##### Task data #####

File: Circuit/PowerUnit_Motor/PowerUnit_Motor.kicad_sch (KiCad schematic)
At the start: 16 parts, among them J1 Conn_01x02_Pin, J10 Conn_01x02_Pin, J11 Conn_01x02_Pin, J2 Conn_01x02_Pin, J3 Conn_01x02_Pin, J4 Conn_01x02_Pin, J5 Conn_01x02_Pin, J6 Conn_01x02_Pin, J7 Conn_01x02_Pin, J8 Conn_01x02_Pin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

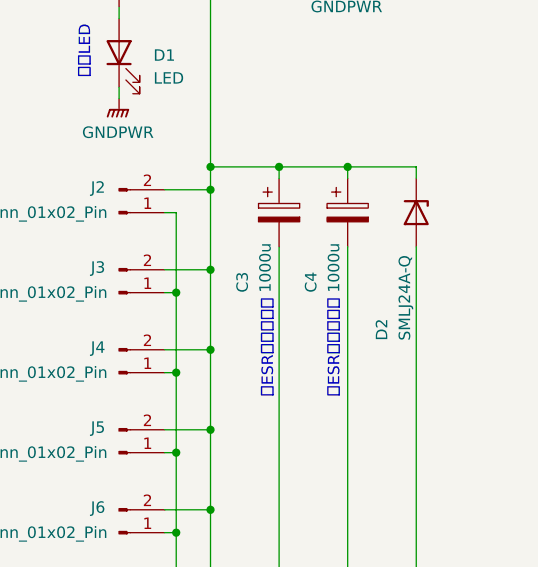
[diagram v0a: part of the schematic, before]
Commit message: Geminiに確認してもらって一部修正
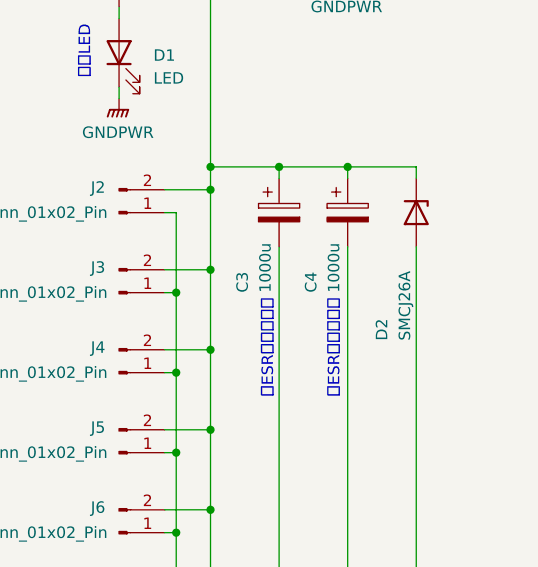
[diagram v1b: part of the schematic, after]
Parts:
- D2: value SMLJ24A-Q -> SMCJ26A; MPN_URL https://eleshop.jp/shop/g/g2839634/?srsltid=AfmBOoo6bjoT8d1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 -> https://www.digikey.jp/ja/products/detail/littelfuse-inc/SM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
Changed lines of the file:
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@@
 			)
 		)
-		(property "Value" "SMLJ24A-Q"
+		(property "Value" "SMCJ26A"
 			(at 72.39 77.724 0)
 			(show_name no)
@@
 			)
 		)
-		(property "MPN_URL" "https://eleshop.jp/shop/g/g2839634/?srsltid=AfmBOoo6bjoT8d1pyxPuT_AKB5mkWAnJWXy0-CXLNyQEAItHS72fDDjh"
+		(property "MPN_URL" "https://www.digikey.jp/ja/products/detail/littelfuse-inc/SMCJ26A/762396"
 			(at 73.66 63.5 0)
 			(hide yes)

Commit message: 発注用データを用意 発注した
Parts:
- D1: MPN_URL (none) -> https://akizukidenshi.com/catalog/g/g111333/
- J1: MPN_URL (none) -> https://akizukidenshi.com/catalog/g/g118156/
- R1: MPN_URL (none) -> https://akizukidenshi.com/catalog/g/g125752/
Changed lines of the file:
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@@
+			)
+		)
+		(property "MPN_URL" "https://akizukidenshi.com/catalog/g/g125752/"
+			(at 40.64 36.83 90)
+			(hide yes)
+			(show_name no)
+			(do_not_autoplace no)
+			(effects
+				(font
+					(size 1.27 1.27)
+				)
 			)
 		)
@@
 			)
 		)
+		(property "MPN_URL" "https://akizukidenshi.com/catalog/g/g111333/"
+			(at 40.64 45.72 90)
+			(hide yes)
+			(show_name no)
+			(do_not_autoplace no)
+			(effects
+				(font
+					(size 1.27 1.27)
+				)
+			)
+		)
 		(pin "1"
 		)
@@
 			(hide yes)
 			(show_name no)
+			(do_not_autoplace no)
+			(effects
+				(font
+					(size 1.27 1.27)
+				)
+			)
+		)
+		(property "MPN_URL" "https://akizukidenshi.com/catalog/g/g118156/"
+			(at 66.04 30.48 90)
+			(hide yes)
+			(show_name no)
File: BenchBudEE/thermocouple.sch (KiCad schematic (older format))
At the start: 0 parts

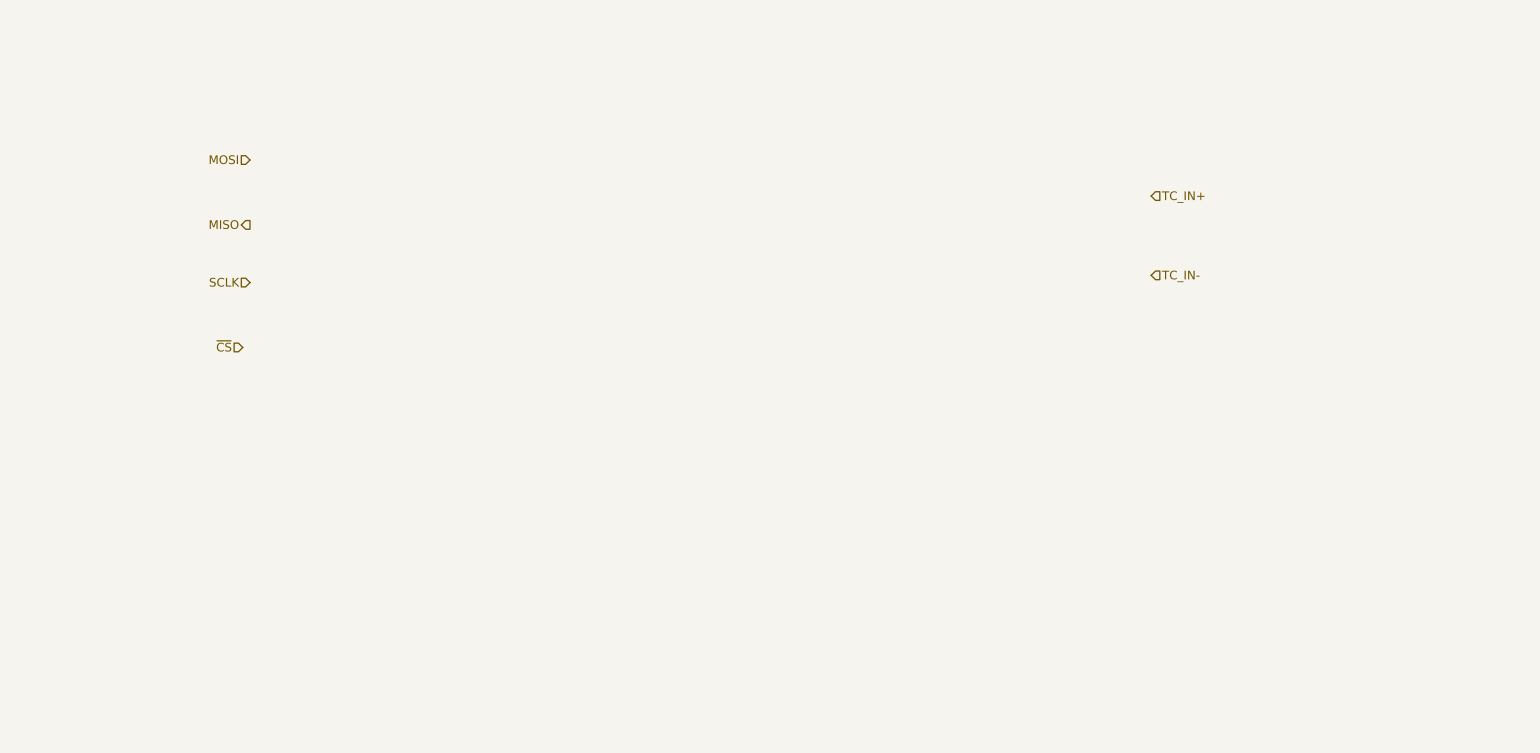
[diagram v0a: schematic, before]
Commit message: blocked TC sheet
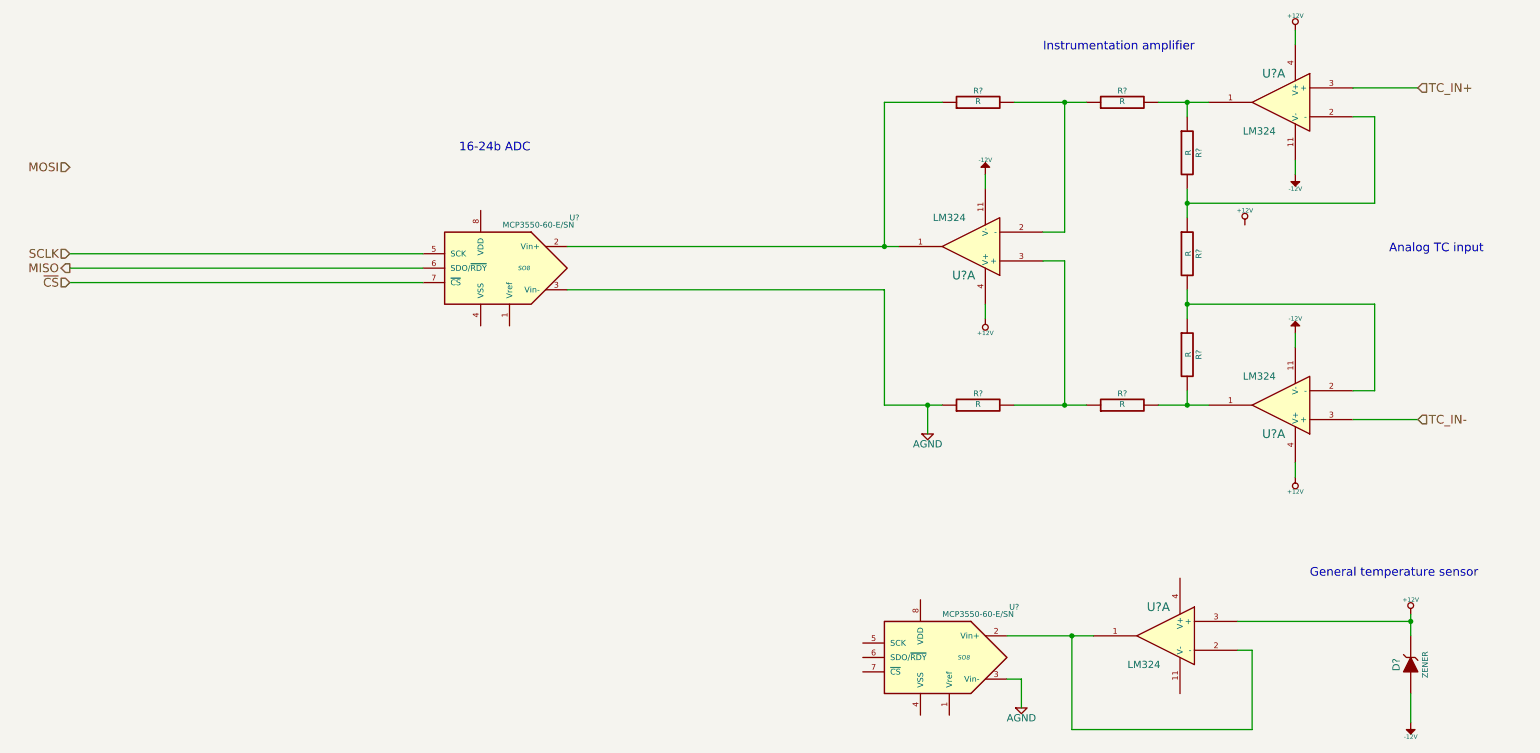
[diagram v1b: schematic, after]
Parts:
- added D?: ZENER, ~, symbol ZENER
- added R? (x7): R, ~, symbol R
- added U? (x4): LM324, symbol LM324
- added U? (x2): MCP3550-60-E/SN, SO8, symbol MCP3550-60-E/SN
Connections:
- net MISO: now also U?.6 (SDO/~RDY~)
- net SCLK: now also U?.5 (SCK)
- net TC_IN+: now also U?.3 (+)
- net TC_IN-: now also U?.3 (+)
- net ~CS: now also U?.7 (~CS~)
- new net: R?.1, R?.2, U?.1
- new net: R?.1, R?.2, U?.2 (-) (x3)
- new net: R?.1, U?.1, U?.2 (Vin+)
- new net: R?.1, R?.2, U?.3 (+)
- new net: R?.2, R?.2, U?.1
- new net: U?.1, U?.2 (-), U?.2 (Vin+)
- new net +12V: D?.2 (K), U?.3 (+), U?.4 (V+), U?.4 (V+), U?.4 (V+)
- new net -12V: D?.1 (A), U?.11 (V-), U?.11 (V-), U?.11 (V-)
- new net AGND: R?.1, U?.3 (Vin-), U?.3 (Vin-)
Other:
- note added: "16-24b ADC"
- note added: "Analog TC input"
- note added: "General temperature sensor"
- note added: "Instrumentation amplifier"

#####

Give back all the records as they stand, but with no pictures in the copy.

**Exercise solution:**
File: Circuit/PowerUnit_Motor/PowerUnit_Motor.kicad_sch (KiCad schematic)
At the start: 16 parts, among them J1 Conn_01x02_Pin, J10 Conn_01x02_Pin, J11 Conn_01x02_Pin, J2 Conn_01x02_Pin, J3 Conn_01x02_Pin, J4 Conn_01x02_Pin, J5 Conn_01x02_Pin, J6 Conn_01x02_Pin, J7 Conn_01x02_Pin, J8 Conn_01x02_Pin

[diagram v0a: part of the schematic, before]
Commit message: Geminiに確認してもらって一部修正
[diagram v1b: part of the schematic, after]
Parts:
- D2: value SMLJ24A-Q -> SMCJ26A; MPN_URL https://eleshop.jp/shop/g/g2839634/?srsltid=AfmBOoo6bjoT8d1 -> https://www.digikey.jp/ja/products/detail/littelfuse-inc/SM
Changed lines of the file:
@@
 			)
 		)
-		(property "Value" "SMLJ24A-Q"
+		(property "Value" "SMCJ26A"
 			(at 72.39 77.724 0)
 			(show_name no)
@@
 			)
 		)
-		(property "MPN_URL" "https://eleshop.jp/shop/g/g2839634/?srsltid=AfmBOoo6bjoT8d1pyxPuT_AKB5mkWAnJWXy0-CXLNyQEAItHS72fDDjh"
+		(property "MPN_URL" "https://www.digikey.jp/ja/products/detail/littelfuse-inc/SMCJ26A/762396"
 			(at 73.66 63.5 0)
 			(hide yes)

Commit message: 発注用データを用意 発注した
Parts:
- D1: MPN_URL (none) -> https://akizukidenshi.com/catalog/g/g111333/
- J1: MPN_URL (none) -> https://akizukidenshi.com/catalog/g/g118156/
- R1: MPN_URL (none) -> https://akizukidenshi.com/catalog/g/g125752/
Changed lines of the file:
@@
+			)
+		)
+		(property "MPN_URL" "https://akizukidenshi.com/catalog/g/g125752/"
+			(at 40.64 36.83 90)
+			(hide yes)
+			(show_name no)
+			(do_not_autoplace no)
+			(effects
+				(font
+					(size 1.27 1.27)
+				)
 			)
 		)
@@
 			)
 		)
+		(property "MPN_URL" "https://akizukidenshi.com/catalog/g/g111333/"
+			(at 40.64 45.72 90)
+			(hide yes)
+			(show_name no)
+			(do_not_autoplace no)
+			(effects
+				(font
+					(size 1.27 1.27)
+				)
+			)
+		)
 		(pin "1"
 		)
@@
 			(hide yes)
 			(show_name no)
+			(do_not_autoplace no)
+			(effects
+				(font
+					(size 1.27 1.27)
+				)
+			)
+		)
+		(property "MPN_URL" "https://akizukidenshi.com/catalog/g/g118156/"
+			(at 66.04 30.48 90)
+			(hide yes)
+			(show_name no)
File: BenchBudEE/thermocouple.sch (KiCad schematic (older format))
At the start: 0 parts

[diagram v0a: schematic, before]
Commit message: blocked TC sheet
[diagram v1b: schematic, after]
Parts:
- added D?: ZENER, ~, symbol ZENER
- added R? (x7): R, ~, symbol R
- added U? (x4): LM324, symbol LM324
- added U? (x2): MCP3550-60-E/SN, SO8, symbol MCP3550-60-E/SN
Connections:
- net MISO: now also U?.6 (SDO/~RDY~)
- net SCLK: now also U?.5 (SCK)
- net TC_IN+: now also U?.3 (+)
- net TC_IN-: now also U?.3 (+)
- net ~CS: now also U?.7 (~CS~)
- new net: R?.1, R?.2, U?.1
- new net: R?.1, R?.2, U?.2 (-) (x3)
- new net: R?.1, U?.1, U?.2 (Vin+)
- new net: R?.1, R?.2, U?.3 (+)
- new net: R?.2, R?.2, U?.1
- new net: U?.1, U?.2 (-), U?.2 (Vin+)
- new net +12V: D?.2 (K), U?.3 (+), U?.4 (V+), U?.4 (V+), U?.4 (V+)
- new net -12V: D?.1 (A), U?.11 (V-), U?.11 (V-), U?.11 (V-)
- new net AGND: R?.1, U?.3 (Vin-), U?.3 (Vin-)
Other:
- note added: "16-24b ADC"
- note added: "Analog TC input"
- note added: "General temperature sensor"
- note added: "Instrumentation amplifier"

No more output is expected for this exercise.